Print nothing but the lines below starting at the line that holds "Discrete-Time Integrator/1 ->" and ending at the line that holds "Constant4 : Constant", including both, each exactly as written.

○ ○ ○ ○

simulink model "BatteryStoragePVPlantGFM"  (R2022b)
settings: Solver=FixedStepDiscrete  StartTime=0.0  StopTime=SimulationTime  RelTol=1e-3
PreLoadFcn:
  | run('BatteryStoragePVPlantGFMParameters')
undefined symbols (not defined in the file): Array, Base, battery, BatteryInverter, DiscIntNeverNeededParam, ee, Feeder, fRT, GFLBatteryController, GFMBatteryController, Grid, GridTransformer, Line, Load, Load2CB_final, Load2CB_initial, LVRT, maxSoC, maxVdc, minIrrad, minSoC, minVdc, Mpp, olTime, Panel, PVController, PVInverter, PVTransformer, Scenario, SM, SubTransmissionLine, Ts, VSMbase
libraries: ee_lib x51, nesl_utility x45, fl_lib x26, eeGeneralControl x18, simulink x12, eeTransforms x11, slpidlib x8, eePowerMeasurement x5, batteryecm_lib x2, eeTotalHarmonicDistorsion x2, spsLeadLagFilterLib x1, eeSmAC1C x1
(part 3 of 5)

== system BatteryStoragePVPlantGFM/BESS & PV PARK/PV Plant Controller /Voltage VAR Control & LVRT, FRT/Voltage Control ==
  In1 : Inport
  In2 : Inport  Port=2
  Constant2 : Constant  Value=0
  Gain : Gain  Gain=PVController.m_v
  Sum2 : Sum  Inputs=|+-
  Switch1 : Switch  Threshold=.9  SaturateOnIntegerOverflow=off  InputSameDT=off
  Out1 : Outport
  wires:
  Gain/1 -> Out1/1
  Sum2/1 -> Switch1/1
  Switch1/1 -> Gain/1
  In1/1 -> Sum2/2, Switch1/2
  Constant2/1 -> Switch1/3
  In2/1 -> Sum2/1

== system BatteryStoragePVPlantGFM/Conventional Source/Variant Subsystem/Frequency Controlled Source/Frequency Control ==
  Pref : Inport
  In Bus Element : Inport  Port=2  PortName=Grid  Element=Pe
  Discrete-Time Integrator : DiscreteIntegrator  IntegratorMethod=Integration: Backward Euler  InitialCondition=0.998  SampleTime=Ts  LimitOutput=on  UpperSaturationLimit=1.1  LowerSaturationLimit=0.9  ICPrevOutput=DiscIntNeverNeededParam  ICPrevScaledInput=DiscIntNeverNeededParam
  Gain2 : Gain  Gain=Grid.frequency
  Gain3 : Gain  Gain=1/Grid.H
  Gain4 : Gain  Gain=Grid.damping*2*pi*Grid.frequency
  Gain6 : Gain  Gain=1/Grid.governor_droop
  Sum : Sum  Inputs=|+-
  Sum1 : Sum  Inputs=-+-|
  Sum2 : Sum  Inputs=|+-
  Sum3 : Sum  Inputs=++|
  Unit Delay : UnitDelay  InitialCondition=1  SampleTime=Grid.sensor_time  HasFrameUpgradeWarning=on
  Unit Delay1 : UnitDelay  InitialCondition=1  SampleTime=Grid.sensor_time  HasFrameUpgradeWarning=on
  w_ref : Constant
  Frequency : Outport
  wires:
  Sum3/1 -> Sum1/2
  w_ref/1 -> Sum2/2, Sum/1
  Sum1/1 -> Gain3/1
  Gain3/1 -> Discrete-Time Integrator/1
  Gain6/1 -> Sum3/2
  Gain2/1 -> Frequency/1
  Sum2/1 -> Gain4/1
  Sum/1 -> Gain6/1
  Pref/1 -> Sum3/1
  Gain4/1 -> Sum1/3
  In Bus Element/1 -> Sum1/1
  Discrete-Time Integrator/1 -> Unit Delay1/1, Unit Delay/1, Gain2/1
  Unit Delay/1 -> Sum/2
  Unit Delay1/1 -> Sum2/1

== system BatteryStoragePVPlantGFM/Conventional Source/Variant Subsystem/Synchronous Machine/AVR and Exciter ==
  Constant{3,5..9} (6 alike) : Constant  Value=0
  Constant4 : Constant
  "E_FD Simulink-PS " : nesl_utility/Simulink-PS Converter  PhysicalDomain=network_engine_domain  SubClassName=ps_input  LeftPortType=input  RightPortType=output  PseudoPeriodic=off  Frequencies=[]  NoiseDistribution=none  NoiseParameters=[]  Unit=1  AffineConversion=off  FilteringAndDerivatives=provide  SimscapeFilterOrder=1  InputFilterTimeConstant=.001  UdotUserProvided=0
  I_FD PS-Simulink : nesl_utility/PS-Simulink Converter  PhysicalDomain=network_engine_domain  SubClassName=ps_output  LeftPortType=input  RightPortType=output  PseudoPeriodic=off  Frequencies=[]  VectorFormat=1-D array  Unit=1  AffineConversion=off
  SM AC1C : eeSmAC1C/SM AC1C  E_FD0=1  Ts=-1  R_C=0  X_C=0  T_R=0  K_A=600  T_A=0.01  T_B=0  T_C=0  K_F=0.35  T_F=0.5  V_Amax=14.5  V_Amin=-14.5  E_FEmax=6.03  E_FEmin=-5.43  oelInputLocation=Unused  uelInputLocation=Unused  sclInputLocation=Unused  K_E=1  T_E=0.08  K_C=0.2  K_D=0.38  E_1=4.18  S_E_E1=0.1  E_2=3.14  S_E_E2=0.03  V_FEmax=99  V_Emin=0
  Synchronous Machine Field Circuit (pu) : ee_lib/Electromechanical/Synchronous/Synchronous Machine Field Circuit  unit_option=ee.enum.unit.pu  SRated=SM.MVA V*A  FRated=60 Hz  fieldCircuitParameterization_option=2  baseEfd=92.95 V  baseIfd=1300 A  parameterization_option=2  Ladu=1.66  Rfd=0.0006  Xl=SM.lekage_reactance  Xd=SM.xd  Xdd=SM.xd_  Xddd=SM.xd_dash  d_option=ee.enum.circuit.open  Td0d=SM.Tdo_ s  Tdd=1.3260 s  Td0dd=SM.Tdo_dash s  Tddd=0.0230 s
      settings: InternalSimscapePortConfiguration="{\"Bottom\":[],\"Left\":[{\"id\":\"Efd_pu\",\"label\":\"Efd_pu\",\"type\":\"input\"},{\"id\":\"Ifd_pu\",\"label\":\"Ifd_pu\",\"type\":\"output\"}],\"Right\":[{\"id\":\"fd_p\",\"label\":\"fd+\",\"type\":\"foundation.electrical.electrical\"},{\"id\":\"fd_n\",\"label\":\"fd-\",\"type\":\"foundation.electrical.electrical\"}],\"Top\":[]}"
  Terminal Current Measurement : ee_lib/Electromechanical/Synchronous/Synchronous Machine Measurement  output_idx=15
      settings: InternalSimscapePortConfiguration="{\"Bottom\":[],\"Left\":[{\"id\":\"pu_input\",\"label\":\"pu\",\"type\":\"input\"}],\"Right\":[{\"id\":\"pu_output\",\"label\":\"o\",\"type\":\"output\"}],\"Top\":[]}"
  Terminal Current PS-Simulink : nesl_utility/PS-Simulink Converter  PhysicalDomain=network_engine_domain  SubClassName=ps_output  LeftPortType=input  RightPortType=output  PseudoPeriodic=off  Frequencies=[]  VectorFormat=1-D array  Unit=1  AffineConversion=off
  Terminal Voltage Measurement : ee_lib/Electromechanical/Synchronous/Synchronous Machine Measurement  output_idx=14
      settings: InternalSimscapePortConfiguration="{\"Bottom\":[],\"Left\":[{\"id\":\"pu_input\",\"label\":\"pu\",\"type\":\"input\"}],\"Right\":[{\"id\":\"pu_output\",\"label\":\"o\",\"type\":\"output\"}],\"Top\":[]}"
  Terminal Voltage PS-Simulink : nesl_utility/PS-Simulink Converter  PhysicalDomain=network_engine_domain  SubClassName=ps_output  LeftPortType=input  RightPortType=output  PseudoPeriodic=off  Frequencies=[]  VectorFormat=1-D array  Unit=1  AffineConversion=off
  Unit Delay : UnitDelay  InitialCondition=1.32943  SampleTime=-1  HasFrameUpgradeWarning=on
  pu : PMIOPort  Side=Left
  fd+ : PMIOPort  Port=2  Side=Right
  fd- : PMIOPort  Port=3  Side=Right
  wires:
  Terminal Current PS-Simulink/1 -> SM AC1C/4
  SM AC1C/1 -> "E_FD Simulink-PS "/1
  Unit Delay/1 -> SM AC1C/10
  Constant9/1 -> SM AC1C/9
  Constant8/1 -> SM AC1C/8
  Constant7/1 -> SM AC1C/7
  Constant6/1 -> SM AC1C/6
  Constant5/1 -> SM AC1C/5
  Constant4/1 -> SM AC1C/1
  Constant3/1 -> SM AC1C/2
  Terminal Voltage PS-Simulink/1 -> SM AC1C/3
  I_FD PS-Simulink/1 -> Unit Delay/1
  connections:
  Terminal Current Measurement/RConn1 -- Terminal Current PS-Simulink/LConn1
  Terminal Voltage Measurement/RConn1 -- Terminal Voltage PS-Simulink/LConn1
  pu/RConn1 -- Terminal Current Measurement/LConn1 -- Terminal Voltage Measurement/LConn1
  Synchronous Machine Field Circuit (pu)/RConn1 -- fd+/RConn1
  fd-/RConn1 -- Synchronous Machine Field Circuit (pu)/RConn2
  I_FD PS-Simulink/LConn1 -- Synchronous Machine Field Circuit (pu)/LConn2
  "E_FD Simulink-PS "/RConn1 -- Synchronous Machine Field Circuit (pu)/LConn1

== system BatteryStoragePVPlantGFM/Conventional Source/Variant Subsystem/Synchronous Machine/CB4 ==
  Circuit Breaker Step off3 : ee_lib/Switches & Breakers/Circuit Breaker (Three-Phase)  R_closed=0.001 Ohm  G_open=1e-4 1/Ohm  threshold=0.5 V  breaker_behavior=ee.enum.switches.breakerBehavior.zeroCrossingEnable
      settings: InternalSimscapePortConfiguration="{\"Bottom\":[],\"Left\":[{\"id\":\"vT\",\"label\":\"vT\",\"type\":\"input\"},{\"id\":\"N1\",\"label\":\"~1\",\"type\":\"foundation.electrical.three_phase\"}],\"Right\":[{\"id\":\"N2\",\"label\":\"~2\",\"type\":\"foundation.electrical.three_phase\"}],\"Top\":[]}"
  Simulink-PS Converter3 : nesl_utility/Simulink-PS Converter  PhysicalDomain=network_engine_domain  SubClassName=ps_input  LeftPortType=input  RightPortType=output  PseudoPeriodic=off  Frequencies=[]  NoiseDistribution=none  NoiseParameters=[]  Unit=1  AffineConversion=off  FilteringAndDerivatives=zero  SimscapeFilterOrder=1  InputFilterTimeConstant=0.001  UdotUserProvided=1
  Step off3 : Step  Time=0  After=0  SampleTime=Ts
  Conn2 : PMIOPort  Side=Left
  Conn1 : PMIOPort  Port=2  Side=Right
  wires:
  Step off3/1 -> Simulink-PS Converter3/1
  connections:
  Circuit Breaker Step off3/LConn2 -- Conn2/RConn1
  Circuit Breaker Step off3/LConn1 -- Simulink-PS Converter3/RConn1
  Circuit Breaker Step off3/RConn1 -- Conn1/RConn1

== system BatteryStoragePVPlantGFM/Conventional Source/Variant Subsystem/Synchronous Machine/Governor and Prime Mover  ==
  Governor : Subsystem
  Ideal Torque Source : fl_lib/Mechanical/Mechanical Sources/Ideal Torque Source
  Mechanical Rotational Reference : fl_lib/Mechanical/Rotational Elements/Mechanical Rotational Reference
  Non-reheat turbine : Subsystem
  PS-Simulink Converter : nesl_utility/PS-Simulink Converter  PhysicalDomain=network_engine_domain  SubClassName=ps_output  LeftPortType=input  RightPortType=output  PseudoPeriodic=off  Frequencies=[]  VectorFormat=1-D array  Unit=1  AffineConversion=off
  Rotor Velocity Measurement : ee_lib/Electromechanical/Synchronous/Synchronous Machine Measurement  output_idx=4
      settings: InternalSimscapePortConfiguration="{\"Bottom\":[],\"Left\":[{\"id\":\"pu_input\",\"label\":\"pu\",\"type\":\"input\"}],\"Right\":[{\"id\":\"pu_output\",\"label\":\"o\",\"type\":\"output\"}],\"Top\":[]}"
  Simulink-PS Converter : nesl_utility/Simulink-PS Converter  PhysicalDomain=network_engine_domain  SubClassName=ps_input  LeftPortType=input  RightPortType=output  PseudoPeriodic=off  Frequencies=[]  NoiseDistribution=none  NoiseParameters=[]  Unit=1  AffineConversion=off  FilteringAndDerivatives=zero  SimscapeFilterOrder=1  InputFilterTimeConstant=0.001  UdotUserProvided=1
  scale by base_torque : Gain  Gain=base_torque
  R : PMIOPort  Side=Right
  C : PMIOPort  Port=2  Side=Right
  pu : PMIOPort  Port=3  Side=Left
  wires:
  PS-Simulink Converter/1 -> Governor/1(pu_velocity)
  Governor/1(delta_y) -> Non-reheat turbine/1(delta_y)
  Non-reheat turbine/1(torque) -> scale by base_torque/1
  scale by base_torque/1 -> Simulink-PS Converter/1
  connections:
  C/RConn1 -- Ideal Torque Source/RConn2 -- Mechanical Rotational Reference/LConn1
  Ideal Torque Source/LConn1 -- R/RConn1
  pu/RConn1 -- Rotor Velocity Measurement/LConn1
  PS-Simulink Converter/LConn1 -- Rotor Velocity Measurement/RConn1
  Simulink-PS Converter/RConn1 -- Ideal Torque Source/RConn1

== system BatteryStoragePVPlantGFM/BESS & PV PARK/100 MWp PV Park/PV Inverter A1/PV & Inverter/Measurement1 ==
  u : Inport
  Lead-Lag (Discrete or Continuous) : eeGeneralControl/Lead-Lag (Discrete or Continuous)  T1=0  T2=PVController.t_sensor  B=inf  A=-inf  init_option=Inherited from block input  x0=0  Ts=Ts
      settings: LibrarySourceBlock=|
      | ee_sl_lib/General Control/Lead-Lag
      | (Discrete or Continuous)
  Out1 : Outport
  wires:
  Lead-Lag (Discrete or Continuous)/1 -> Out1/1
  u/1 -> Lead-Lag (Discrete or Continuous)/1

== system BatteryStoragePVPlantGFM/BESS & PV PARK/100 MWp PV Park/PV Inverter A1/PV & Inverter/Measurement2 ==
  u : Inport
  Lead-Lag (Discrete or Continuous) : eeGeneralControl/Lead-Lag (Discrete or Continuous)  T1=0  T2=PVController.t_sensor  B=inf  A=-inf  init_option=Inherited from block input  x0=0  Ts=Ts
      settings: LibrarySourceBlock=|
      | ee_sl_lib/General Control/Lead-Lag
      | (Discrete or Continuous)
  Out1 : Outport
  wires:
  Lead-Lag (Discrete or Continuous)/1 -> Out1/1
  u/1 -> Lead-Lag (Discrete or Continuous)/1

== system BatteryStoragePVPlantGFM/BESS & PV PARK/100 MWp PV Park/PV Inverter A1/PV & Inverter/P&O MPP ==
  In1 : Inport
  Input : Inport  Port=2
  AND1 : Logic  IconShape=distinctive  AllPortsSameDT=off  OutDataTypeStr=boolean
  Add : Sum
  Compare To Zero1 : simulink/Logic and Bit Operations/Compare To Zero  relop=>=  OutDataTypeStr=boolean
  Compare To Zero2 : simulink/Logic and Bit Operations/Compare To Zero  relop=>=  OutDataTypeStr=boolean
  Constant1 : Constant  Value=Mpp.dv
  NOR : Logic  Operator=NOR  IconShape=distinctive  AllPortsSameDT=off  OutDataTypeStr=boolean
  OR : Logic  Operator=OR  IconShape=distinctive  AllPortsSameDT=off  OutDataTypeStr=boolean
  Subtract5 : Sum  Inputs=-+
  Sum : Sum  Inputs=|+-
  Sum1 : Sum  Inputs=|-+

○ ○ ○ ○

## SOLVED PROBLEM
  Discrete-Time Integrator/1 -> Unit Delay1/1, Unit Delay/1, Gain2/1
  Unit Delay/1 -> Sum/2
  Unit Delay1/1 -> Sum2/1

== system BatteryStoragePVPlantGFM/Conventional Source/Variant Subsystem/Synchronous Machine/AVR and Exciter ==
  Constant{3,5..9} (6 alike) : Constant  Value=0
  Constant4 : Constant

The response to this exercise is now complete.